The annual shakedown cruise for local anglers generally happens this time every year. If your shakedown cruise was anything like mine, a rod and reel were on board just to wet a quick line.

Unlike fishing, which generally has plenty of places to fish, hunting has become a little more challenging for local spring turkey hunters. Each year it seems that we all lose ground to hunt on. Whether it be a change of ownership or, as has been the norm in recent years, land owners are just letting folks on their land to chase their quarry.

This leads us into this week’s topic: getting ready for spring gobbler chasing. Notice I said “chasing and hunting.” For many of us, it seems that the chase is quickly becoming a full-time job. From getting hunting ground lined up, to scouting to gear, oh, and of course the reminder of spring-time chores, I believe “chase” is a good word to describe it.

There are many things one needs to be successful year in and year in the spring woods, but none is more important than securing hunting ground.

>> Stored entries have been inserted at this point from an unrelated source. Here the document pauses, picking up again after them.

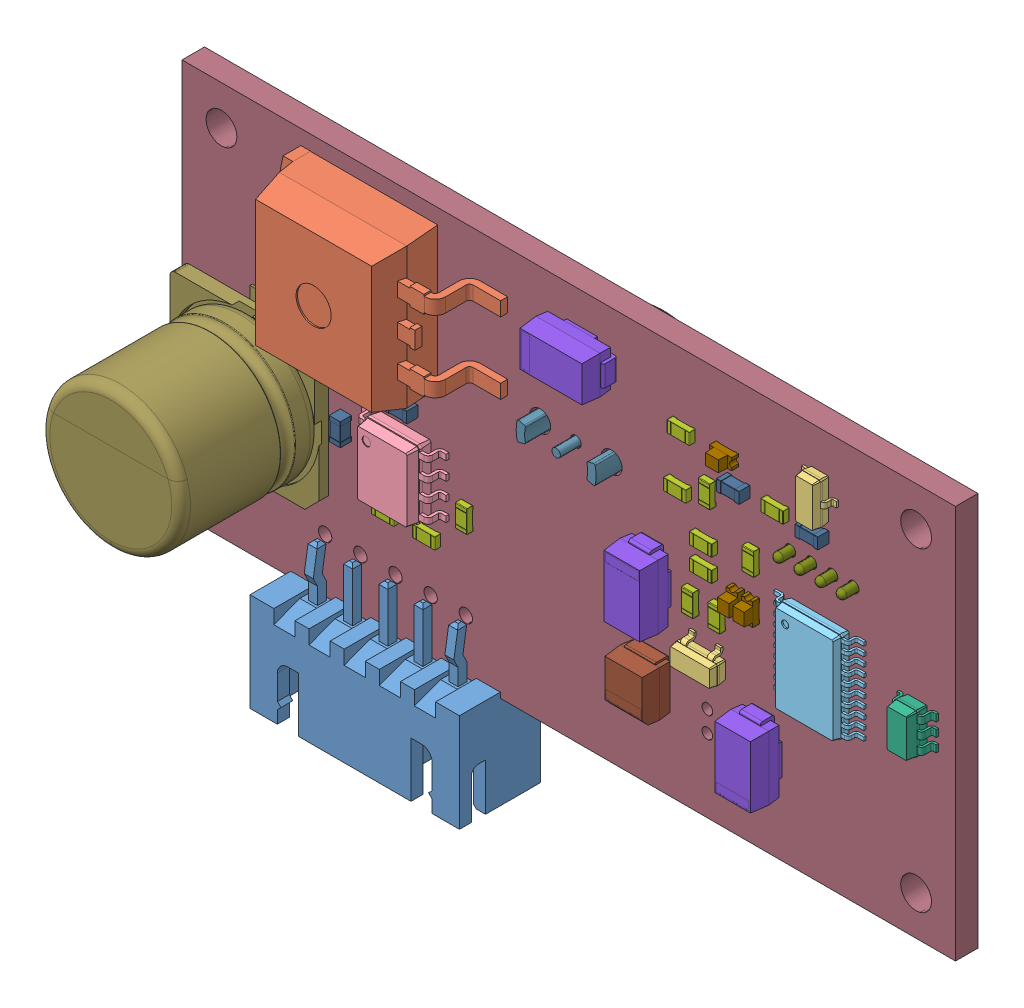
SolidWorks assembly pcb, configuration По умолчанию. Lengths in mm.
Overall size (56.35 34.62 18.7).
66 component instances, 16 part files, 9 mates.
Components (placement in the parent):
- JST_XH_B5B-XH-A_1x05_P2.50mm_Vertical.step-1: JST_XH_B5B-XH-A_1x05_P2.50mm_Vertical.step [По умолчанию] at (27.178 -43.124 2.15) x (1 0 0) z (0 -1 0) size (14.9 5.75 10.4)
  - SOLID.step-1: SOLID.step [По умолчанию] at origin size (14.9 5.75 10.4)
- TO-263-2.step-1: TO-263-2.step [По умолчанию] at (32.7 -21.5 1.65) x (-1 0 0) z (0 0 1) size (15 10 4.42)
  - SOLID-0.step-1: SOLID-0.step [По умолчанию] at origin size (15 10 4.42)
- SOT-23.step-1: SOT-23.step [По умолчанию] at (62.484 -19.431 1.65) size (2.5 3 1.2)
  - SOLID-1.step-1: SOLID-1.step [По умолчанию] at origin size (2.5 3 1.2)
- SOIC-8_3.9x4.9mm_P1.27mm.step-1: SOIC-8_3.9x4.9mm_P1.27mm.step [По умолчанию] at (33.02 -32.258 1.65) size (6 4.9 1.75)
  - SOLID-2.step-1: SOLID-2.step [По умолчанию] at origin size (6 4.9 1.75)
- TSSOP-20_4.4x6.5mm_P0.65mm.step-1: TSSOP-20_4.4x6.5mm_P0.65mm.step [По умолчанию] at (62.484 -29.972 1.65) size (6.4 6.5 1.2)
  - SOLID-3.step-1: SOLID-3.step [По умолчанию] at origin size (6.4 6.5 1.2)
- SOT-23-6.step-1: SOT-23-6.step [По умолчанию] at (69.426 -29.972 1.65) size (2.8 2.9 1.55)
  - SOLID-4.step-1: SOLID-4.step [По умолчанию] at origin size (2.8 2.9 1.55)
- R_0603_1608Metric.step-1: R_0603_1608Metric.step [По умолчанию] at (54.356 -26.416 1.65) x (-1 0 0) z (0 0 1) size (1.6 0.8 0.45)
  - SOLID-5.step-1: SOLID-5.step [По умолчанию] at origin size (1.6 0.8 0.45)
- R_0603_1608Metric.step-2: R_0603_1608Metric.step [По умолчанию] at (31.75 -35.814 1.65) x (-1 0 0) z (0 0 1) size (1.6 0.8 0.45)
  - SOLID-5.step-1: SOLID-5.step [По умолчанию] at origin size (1.6 0.8 0.45)
- R_0603_1608Metric.step-3: R_0603_1608Metric.step [По умолчанию] at (34.67 -35.814 1.65) x (-1 0 0) z (0 0 1) size (1.6 0.8 0.45)
  - SOLID-5.step-1: SOLID-5.step [По умолчанию] at origin size (1.6 0.8 0.45)
- R_0603_1608Metric.step-4: R_0603_1608Metric.step [По умолчанию] at (37.338 -33.337 1.65) x (0 1 0) z (0 0 1) size (1.6 0.8 0.45)
  - SOLID-5.step-1: SOLID-5.step [По умолчанию] at origin size (1.6 0.8 0.45)
- R_0603_1608Metric.step-5: R_0603_1608Metric.step [По умолчанию] at (55.306 -30.48 1.65) x (0 1 0) z (0 0 1) size (1.6 0.8 0.45)
  - SOLID-5.step-1: SOLID-5.step [По умолчанию] at origin size (1.6 0.8 0.45)
- R_0603_1608Metric.step-6: R_0603_1608Metric.step [По умолчанию] at (52.515 -24.003 1.65) size (1.6 0.8 0.45)
  - SOLID-5.step-1: SOLID-5.step [По умолчанию] at origin size (1.6 0.8 0.45)
- R_0603_1608Metric.step-7: R_0603_1608Metric.step [По умолчанию] at (53.406 -30.48 1.65) x (0 1 0) z (0 0 1) size (1.6 0.8 0.45)
  - SOLID-5.step-1: SOLID-5.step [По умолчанию] at origin size (1.6 0.8 0.45)
- R_0603_1608Metric.step-8: R_0603_1608Metric.step [По умолчанию] at (54.61 -23.178 1.65) x (0 -1 0) z (0 0 1) size (1.6 0.8 0.45)
  - SOLID-5.step-1: SOLID-5.step [По умолчанию] at origin size (1.6 0.8 0.45)
- R_0603_1608Metric.step-9: R_0603_1608Metric.step [По умолчанию] at (52.769 -20.32 1.65) size (1.6 0.8 0.45)
  - SOLID-5.step-1: SOLID-5.step [По умолчанию] at origin size (1.6 0.8 0.45)
- R_0603_1608Metric.step-10: R_0603_1608Metric.step [По умолчанию] at (57.7215 -25.781 1.65) x (0 -1 0) z (0 0 1) size (1.6 0.8 0.45)
  - SOLID-5.step-1: SOLID-5.step [По умолчанию] at origin size (1.6 0.8 0.45)
- R_0603_1608Metric.step-11: R_0603_1608Metric.step [По умолчанию] at (54.356 -28.03 1.65) size (1.6 0.8 0.45)
  - SOLID-5.step-1: SOLID-5.step [По умолчанию] at origin size (1.6 0.8 0.45)
- R_0603_1608Metric.step-12: R_0603_1608Metric.step [По умолчанию] at (59.436 -21.844 1.65) x (-1 0 0) z (0 0 1) size (1.6 0.8 0.45)
  - SOLID-5.step-1: SOLID-5.step [По умолчанию] at origin size (1.6 0.8 0.45)
- SOT-23.step-2: SOT-23.step [По умолчанию] at (54.356 -33.616 1.65) x (0 -1 0) z (0 0 1) size (2.5 3 1.2)
  - SOLID-1.step-1: SOLID-1.step [По умолчанию] at origin size (2.5 3 1.2)
- D_SMA.step-1: D_SMA.step [По умолчанию] at (50.546 -30.616 1.65) x (0 -1 0) z (0 0 1) size (5 2.7 2.22)
  - SOLID-6.step-1: SOLID-6.step [По умолчанию] at origin size (5 2.7 2.22)
- D_SMA.step-2: D_SMA.step [По умолчанию] at (58.42 -37.211 1.65) x (0 1 0) z (0 0 1) size (5 2.7 2.22)
  - SOLID-6.step-1: SOLID-6.step [По умолчанию] at origin size (5 2.7 2.22)
- D_SMA.step-3: D_SMA.step [По умолчанию] at (45.5 -19 1.65) size (5 2.7 2.22)
  - SOLID-6.step-1: SOLID-6.step [По умолчанию] at origin size (5 2.7 2.22)
- LED_0603_1608Metric_Castellated.step-1: LED_0603_1608Metric_Castellated.step [По умолчанию] at (55.8295 -20.32 1.65) size (1.6 0.8 1.1)
  - SOLID-7.step-1: SOLID-7.step [По умолчанию] at origin size (1.6 0.8 1.1)
- LED_0603_1608Metric_Castellated.step-2: LED_0603_1608Metric_Castellated.step [По умолчанию] at (56.642 -28.8425 1.65) x (0 -1 0) z (0 0 1) size (1.6 0.8 1.1)
  - SOLID-7.step-1: SOLID-7.step [По умолчанию] at origin size (1.6 0.8 1.1)
- LED_0603_1608Metric_Castellated.step-3: LED_0603_1608Metric_Castellated.step [По умолчанию] at (57.7215 -28.8425 1.65) x (0 -1 0) z (0 0 1) size (1.6 0.8 1.1)
  - SOLID-7.step-1: SOLID-7.step [По умолчанию] at origin size (1.6 0.8 1.1)
- C_0603_1608Metric.step-1: C_0603_1608Metric.step [По умолчанию] at (62.243 -21.844 1.65) size (1.6 0.8 0.8)
  - SOLID-8.step-1: SOLID-8.step [По умолчанию] at origin size (1.6 0.8 0.8)
- CP_EIA-3528-21_Kemet-B.step-1: CP_EIA-3528-21_Kemet-B.step [По умолчанию] at (50.546 -36.576 1.65) x (0 1 0) z (0 0 1) size (3.5 2.8 2.1)
  - SOLID-9.step-1: SOLID-9.step [По умолчанию] at origin size (3.5 2.8 2.1)
- C_0603_1608Metric.step-2: C_0603_1608Metric.step [По умолчанию] at (33.02 -28.702 1.65) size (1.6 0.8 0.8)
  - SOLID-8.step-1: SOLID-8.step [По умолчанию] at origin size (1.6 0.8 0.8)
- C_0603_1608Metric.step-3: C_0603_1608Metric.step [По умолчанию] at (28.702 -32.118 1.65) x (0 -1 0) z (0 0 1) size (1.6 0.8 0.8)
  - SOLID-8.step-1: SOLID-8.step [По умолчанию] at origin size (1.6 0.8 0.8)
- CP_Elec_10x10.5.step-1: CP_Elec_10x10.5.step [По умолчанию] at (22.479 -32.766 1.65) x (0 1 0) z (0 0 1) size (13.47 13.66 10.5)
  - SOLID-10.step-1: SOLID-10.step [По умолчанию] at origin size (13.47 13.66 10.5)
- C_0603_1608Metric.step-4: C_0603_1608Metric.step [По умолчанию] at (56.642 -21.844 1.65) x (-1 0 0) z (0 0 1) size (1.6 0.8 0.8)
  - SOLID-8.step-1: SOLID-8.step [По умолчанию] at origin size (1.6 0.8 0.8)
- COMPOUND.step-1: COMPOUND.step [По умолчанию] at origin size (55 28 1.6)
- Magnet_conn-1: Magnet_conn [По умолчанию] at (45 -25 -0.7) x (0 -1 0) z (1 0 0) size (10 9.55 10)
- ZH_02x01_1.5mm-1: ZH_02x01_1.5mm [По умолчанию] at (53.906 -37.548 0) x (0 1 0) z (-1 0 0) size (4.5 5.72 4.53)
- ZH_04x01_1.5mm-1: ZH_04x01_1.5mm [По умолчанию] at (62.504 -23.632 0) x (1 0 0) z (0 1 0) size (7.5 7.2 3.5)
Mates (geometry in assembly coordinates):
- Концентричный1: concentric anti-aligned: cylinder of COMPOUND.step-1 through (45 -25 -0.8) axis (0 0 1) radius 0.381; cylinder of Magnet_conn-1 through (45 -25 3) axis (0 0 -1) radius 0.3
- Параллельность2: parallel anti-aligned: plane of Magnet_conn-1 through (45 -25 -0.7) normal (0 -1 0)
- Совпадение2: coincident anti-aligned: plane of COMPOUND.step-1 through (44.5 -29.5 0) normal (0 0 -1); plane of Magnet_conn-1 through (45 -25 0) normal (0 0 1)
- Концентричный4: concentric aligned: cylinder of COMPOUND.step-1 through (54.356 -36.798 -0.8) axis (0 0 1) radius 0.381; cylinder of ZH_02x01_1.5mm-1 through (54.356 -36.798 -3.7) axis (0 0 1) radius 0.325
- Параллельность3: parallel aligned: plane of COMPOUND.step-1 through (17 -43.5 0) normal (0 -1 0); plane of ZH_02x01_1.5mm-1 through (53.906 -39.798 -4.5) normal (0 -1 0)
- Совпадение4: coincident anti-aligned: plane of COMPOUND.step-1 through (44.5 -29.5 0) normal (0 0 -1); plane of ZH_02x01_1.5mm-1 through (53.906 -37.548 0) normal (0 0 1)
- Концентричный5: concentric aligned: cylinder of COMPOUND.step-1 through (60.254 -24.082 -0.8) axis (0 0 1) radius 0.381; cylinder of ZH_04x01_1.5mm-1 through (60.254 -24.082 -3.7) axis (0 0 1) radius 0.325
- Параллельность4: parallel aligned: plane of COMPOUND.step-1 through (72 -43.5 0) normal (1 0 0); plane of ZH_04x01_1.5mm-1 through (66.254 -23.632 -4.5) normal (1 0 0)
- Совпадение6: coincident anti-aligned: plane of COMPOUND.step-1 through (44.5 -29.5 0) normal (0 0 -1); plane of ZH_04x01_1.5mm-1 through (62.504 -23.632 0) normal (0 0 1)

One can have the best camo money can buy, the great turkey gun choke combination and enough calls to stock a sporting goods store, but without good hunting ground, it’s all for naught.

One of the best ways to do your preseason scouting is to ask for, and then lock up, permission to access private land early. This also helps gather information from landowners about the turkeys on the property, saving you lots of time. Plus, once you have secured permission, there’s a chance the landowner might turn others down. And even if a landowner turns you down, if you’re friendly and polite they might say yes next time. Even better: If there’s adjacent public land, knowledge of turkey numbers and habits on private ground can help you plan your public land hunts.

A quick word of advice: you can be a super deer hunter without ever making a sound, but if you want to consistently kill gobblers you have to be a decent caller, which takes practice, then some more practice. It’s never too early to work on your calling skills.

It’s no secret that I have been designing calls for years. After I think I found the perfect cut, spacing and thickness, I will immediately put them in my mouth and let her rip. So, any shop/house is always filled with turkey sounds, some good, most not so much. I have been known to write at my computer with a diaphragm call in attempting the perfect fly-down cackle. RJ, on more than one occasion, has walked into my office and, with that, ‘Look, I’m still learning,’ uncorks one that sounds pretty good. To her credit, when she walks in and skips the look and gets to it, she states that one sounds like crap.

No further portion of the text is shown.